§ Task directions
If a line of the data below holds the word "Solver", list it.

*** Begin section ***

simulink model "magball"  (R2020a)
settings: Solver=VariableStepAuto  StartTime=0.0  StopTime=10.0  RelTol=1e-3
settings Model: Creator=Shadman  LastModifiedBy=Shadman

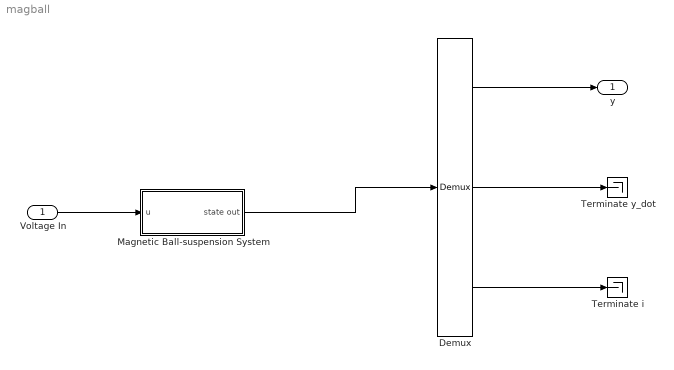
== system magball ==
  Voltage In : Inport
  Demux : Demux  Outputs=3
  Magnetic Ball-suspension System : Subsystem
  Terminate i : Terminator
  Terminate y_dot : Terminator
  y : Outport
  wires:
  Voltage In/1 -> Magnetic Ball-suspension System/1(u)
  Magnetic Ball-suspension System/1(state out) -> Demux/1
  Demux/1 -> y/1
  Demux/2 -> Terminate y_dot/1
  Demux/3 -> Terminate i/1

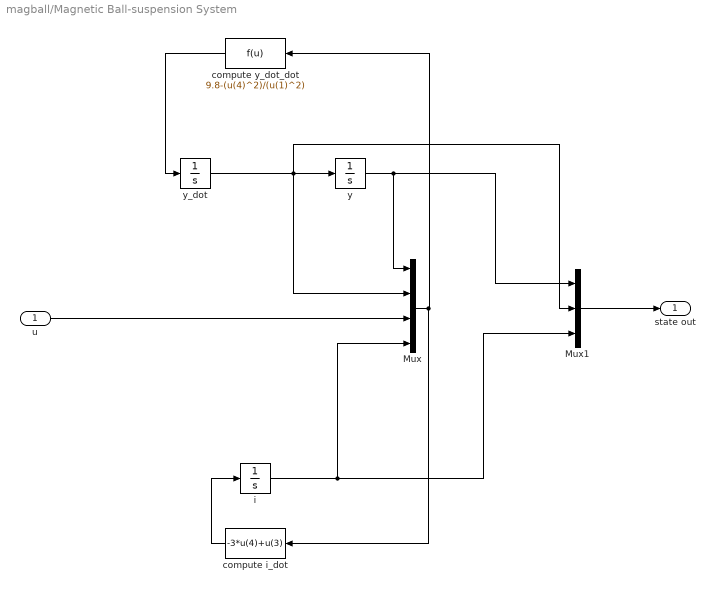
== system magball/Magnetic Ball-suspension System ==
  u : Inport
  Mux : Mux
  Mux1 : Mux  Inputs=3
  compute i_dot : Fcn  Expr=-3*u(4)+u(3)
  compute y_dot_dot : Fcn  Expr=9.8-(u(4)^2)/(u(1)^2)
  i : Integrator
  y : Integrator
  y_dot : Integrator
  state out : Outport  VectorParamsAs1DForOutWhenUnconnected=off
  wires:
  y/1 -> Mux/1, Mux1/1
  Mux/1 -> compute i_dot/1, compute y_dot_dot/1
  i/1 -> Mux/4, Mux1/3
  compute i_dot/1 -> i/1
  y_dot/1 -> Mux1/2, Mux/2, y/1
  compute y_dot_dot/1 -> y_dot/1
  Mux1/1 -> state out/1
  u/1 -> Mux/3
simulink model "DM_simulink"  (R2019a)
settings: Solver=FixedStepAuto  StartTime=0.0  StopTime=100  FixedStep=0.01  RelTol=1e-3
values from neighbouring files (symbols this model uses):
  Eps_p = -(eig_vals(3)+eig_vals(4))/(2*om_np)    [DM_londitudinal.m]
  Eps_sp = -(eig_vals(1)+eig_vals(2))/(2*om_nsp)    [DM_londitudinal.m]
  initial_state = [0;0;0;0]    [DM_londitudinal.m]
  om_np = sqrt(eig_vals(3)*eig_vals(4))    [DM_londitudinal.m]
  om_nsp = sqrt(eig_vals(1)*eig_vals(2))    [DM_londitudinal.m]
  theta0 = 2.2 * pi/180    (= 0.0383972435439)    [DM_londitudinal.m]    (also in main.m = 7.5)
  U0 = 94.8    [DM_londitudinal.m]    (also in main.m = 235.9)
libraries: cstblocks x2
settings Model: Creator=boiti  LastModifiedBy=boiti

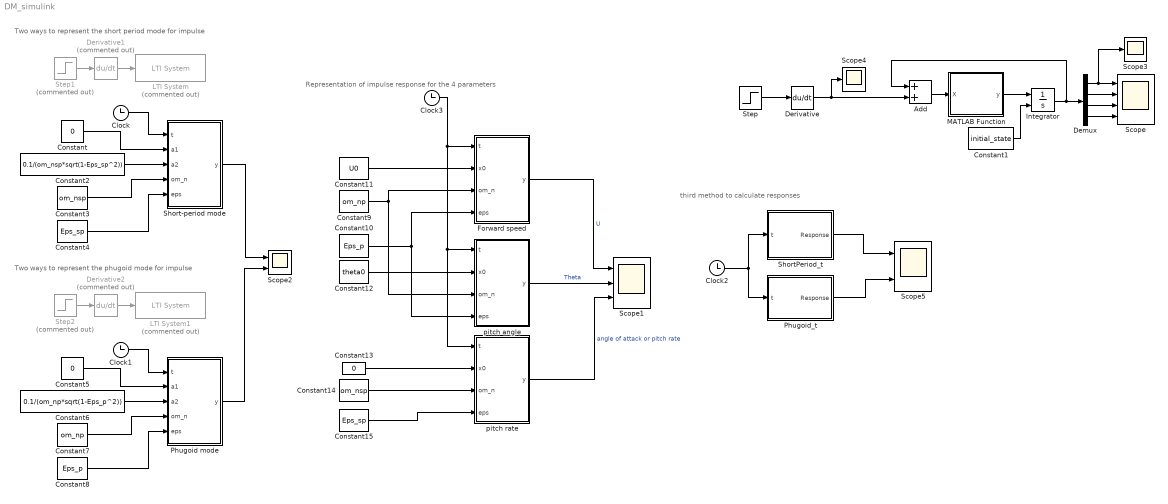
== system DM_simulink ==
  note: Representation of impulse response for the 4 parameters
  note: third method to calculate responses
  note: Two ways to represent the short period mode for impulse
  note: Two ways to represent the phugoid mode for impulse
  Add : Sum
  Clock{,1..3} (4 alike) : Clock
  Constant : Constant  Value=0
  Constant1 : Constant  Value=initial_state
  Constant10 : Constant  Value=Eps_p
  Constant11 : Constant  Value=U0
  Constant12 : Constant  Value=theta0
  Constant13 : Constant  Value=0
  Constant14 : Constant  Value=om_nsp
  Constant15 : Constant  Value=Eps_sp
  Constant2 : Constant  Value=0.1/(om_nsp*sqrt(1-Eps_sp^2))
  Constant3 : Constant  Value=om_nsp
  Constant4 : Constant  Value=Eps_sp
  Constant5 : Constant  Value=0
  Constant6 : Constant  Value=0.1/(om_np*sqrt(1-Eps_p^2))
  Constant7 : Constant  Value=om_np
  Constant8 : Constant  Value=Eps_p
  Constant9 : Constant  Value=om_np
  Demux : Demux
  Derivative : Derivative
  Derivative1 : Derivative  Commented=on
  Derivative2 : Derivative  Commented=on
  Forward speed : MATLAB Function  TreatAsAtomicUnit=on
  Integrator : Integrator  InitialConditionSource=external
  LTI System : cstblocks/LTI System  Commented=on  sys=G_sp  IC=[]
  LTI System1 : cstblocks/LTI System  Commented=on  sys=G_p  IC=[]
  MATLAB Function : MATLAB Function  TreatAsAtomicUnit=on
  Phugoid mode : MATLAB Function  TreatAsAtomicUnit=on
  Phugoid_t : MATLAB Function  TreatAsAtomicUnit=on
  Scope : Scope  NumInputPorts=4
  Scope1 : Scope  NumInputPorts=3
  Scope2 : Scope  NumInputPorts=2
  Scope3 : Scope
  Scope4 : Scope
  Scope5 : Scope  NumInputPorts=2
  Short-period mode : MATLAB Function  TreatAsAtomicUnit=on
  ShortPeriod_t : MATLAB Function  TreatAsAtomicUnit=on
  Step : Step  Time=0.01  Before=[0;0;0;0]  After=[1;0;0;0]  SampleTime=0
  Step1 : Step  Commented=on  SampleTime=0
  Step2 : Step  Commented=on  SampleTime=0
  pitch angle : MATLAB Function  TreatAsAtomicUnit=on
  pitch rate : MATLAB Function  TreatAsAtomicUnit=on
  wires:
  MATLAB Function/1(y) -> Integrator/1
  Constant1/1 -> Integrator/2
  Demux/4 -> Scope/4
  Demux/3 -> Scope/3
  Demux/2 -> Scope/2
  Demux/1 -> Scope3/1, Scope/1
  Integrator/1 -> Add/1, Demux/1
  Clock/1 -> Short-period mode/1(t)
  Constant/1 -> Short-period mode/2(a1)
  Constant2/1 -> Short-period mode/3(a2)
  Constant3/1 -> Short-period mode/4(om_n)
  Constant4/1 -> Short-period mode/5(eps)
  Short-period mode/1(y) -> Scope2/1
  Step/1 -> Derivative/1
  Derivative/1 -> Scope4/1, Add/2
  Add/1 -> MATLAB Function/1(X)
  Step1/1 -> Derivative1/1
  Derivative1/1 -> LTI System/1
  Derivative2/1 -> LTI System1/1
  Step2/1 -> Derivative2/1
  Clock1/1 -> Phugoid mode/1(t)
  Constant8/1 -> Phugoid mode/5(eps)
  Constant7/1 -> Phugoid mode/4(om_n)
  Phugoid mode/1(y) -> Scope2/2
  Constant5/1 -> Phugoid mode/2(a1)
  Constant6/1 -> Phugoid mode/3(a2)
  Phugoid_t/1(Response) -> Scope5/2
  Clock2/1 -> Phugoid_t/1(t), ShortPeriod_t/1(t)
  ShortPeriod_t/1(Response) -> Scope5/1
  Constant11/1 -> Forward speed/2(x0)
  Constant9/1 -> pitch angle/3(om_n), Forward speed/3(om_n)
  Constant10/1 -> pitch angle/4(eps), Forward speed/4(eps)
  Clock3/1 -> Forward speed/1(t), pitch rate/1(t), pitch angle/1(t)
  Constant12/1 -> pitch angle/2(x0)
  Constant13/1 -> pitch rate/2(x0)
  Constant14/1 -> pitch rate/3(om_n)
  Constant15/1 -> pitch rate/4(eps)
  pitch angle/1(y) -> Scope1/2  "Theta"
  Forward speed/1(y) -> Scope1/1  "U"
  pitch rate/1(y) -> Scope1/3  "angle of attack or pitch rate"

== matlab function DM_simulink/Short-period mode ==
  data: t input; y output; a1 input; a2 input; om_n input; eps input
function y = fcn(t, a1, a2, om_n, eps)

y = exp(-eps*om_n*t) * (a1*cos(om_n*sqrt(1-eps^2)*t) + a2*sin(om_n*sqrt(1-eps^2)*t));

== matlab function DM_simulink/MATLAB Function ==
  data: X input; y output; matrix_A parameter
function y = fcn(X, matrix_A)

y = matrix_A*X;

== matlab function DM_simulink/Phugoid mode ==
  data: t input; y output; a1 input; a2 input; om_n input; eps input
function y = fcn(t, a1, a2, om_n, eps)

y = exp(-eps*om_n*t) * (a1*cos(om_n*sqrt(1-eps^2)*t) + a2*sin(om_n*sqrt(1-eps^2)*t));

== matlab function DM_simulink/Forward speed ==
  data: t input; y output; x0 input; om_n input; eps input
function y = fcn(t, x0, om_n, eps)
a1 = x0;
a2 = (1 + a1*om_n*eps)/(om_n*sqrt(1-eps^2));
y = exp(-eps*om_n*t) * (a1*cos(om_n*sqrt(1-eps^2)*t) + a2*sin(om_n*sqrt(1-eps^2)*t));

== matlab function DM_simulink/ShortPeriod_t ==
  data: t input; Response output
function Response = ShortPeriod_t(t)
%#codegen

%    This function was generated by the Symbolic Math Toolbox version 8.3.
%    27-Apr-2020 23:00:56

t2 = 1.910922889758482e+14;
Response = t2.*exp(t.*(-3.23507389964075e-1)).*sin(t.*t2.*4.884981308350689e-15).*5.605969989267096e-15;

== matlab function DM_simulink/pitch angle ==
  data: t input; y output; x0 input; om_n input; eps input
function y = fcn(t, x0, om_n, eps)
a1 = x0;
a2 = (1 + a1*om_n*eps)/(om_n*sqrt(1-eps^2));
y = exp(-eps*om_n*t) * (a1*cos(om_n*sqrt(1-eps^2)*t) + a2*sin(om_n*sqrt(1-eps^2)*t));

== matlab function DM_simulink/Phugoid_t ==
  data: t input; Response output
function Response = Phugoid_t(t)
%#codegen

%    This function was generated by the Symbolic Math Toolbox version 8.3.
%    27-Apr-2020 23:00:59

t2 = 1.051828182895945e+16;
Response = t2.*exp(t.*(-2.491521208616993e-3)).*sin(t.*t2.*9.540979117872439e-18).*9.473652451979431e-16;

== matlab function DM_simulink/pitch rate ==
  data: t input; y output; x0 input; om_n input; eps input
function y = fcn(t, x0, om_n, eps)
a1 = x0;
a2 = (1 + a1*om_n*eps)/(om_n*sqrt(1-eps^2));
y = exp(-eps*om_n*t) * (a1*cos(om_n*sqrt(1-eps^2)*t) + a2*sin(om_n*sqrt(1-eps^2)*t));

*** End section ***

§ Answer for the task
settings: Solver=VariableStepAuto  StartTime=0.0  StopTime=10.0  RelTol=1e-3
settings: Solver=FixedStepAuto  StartTime=0.0  StopTime=100  FixedStep=0.01  RelTol=1e-3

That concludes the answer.